Attaching HCP Vault to Your Existing AWS Transit Gateway: The Missing Account Number

Overview

This blog post focuses on an undocumented challenge I ran into during the deployment. I led a project last year to deploy a new private instance of HCP Vault for the security team at a remote customer site. You might be asking, “What is “HCP Vault”? It’s HashiCorp’s managed service offering for Vault Enterprise. The client was an AWS shop, so naturally they selected HCP Vault on AWS. Not to be confused with the client’s AWS environment; HCP Vault runs on AWS infrastructure managed by HashiCorp and is an abstraction from a customer point of view as you don’t manage the underlying AWS resources. The project was implemented with IaC using Terraform, however I am unable to share code snippets due to obvious reasons.

Connectivity Requirement

In HCP Vault, there are two main connectivity options: VPC peering or Transit Gateway (TGW) attachment. The latter is more robust from a manageability and usability standpoint, so I opted for this approach. As is typical in large companies, the customer had a siloed org structure, where each team is responsible for a specific function. In my case there was a central network team that was responsible for networking, including TGW management. For example any modifications to the TGW route table, which is necessary for a successful integration, needed to be coordinated with them.

In order to hook up HCP Vault with the customer’s existing TGWs, I needed to perform a TGW attachment. However in order to do this, I needed two things from the customer network team:

• a) the transit gateway ID
• b) they needed to RAM share the TGW, and provide me its ARN

Both are obvious and straightforward pieces, but there’s a bit more to it! Hint: it’s a chicken and egg situation.

The Missing Piece

In order to create a RAM share of a TGW, you need the destination AWS account number. For this project, the customer network team would be RAM sharing an existing TGW that was sitting in their own AWS account. In order to do that, they needed the destination AWS account number which is owned by HashiCorp. The problem? It’s not well documented, at least not in the product docs.

How I solved it

It took some trial and error. At this juncture of the project, I had developed the terraform module according to the customer specs and had the deployment pipeline ready to go. I also had all the inputs required for the pipeline, except the ARN of the RAM shared TGW, since the network team was unable to create it without the missing information.
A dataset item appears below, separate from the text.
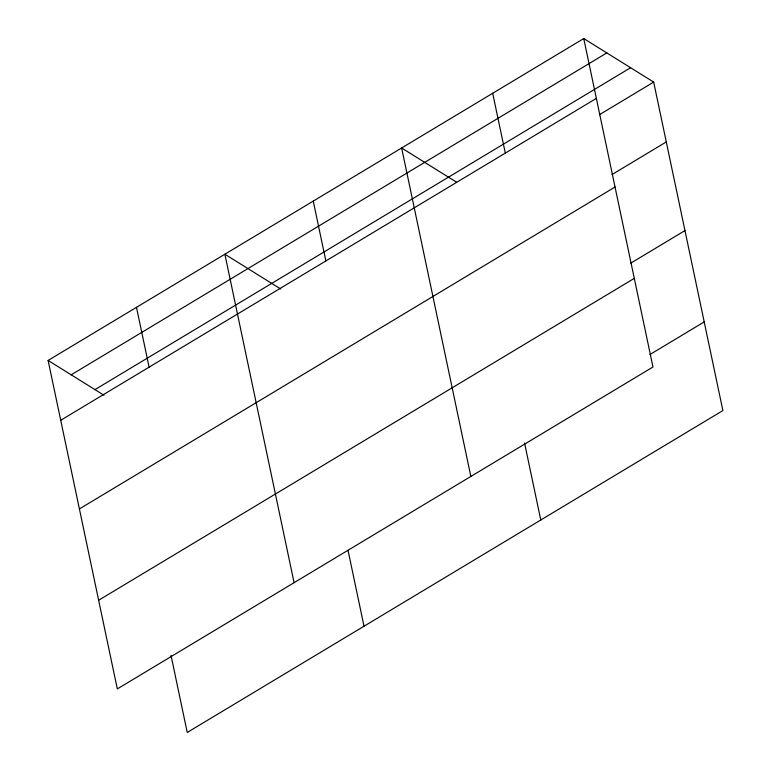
<?xml version="1.0" encoding="UTF-8"?>
<svg xmlns="http://www.w3.org/2000/svg" width="771" height="771" viewBox="0 0 771 771"><rect width="100%" height="100%" fill="white"/><g stroke="black" fill="none" stroke-linecap="round" stroke-linejoin="round"><path stroke-width="1.16" d="M583.753 38.55L652.97 367.006L117.327 688.908L48.11 360.442L583.753 38.55L653.673 82.092L722.89 410.558L187.247 732.45L171.027 655.466M71.183 374.812L606.825 52.92M94.958 389.625L630.601 67.723M60.716 420.282L596.359 98.389M599.452 114.686L653.673 82.092M612.058 174.525L666.289 141.931M79.394 508.927L615.036 187.035M630.745 263.171L684.966 230.577M98.64 600.262L634.282 278.37M649.992 354.496L704.212 321.912M456.509 182.168L401.633 147.993L470.85 476.449M280.75 289.019L224.872 254.218L294.088 582.683M48.11 360.442L103.989 395.244M492.688 93.272L505.304 153.111M524.55 443.017L540.779 520.001M313.248 201.106L325.863 260.945M348.039 550.407L364.018 626.225M136.486 307.33L149.102 367.169"/></g></svg>

So I supplied a dummy value for this bit and ran the pipeline, which resulted in an error as expected.

api error IncorrectState: tgw-attach-<redacted> is in invalid state

Next, I decided to look in the terraform state file to see if there were any clues but I didn’t readily have access to it due to insufficient permissions on the S3 bucket. After informing my project stakeholder of next steps, he navigated the org to find someone that could help with the bucket permissions.

I started looking at the json structure in the state file, when something caught my eye, particularly the provider_account_id field. Note, the values have been redacted.

{
      "mode": "managed",
      "type": "hcp_hvn",
      "name": "primary",
      "provider": "provider[\"registry.terraform.io/hashicorp/hcp\"]",
      "instances": [
        {
          "schema_version": 0,
          "attributes": {
            "cidr_block": "<redacted>",
            "cloud_provider": "aws",
            "created_at": "<redacted>",
            "hvn_id": "<redacted>",
            "id": "<redacted>",
            "organization_id": "<redacted>",
            "project_id": "<redacted>",
            "provider_account_id": "<redacted>",
            "region": "<redacted>",
            "self_link": "<redacted>",
            "state": "<redacted>",
            "timeouts": null
          },

I realized that this must be the account owned by HashiCorp, so I relayed this information to the customer network team. They RAM shared their TGW, gave me the ARN, and I punched that into the deployment pipeline as the last missing input.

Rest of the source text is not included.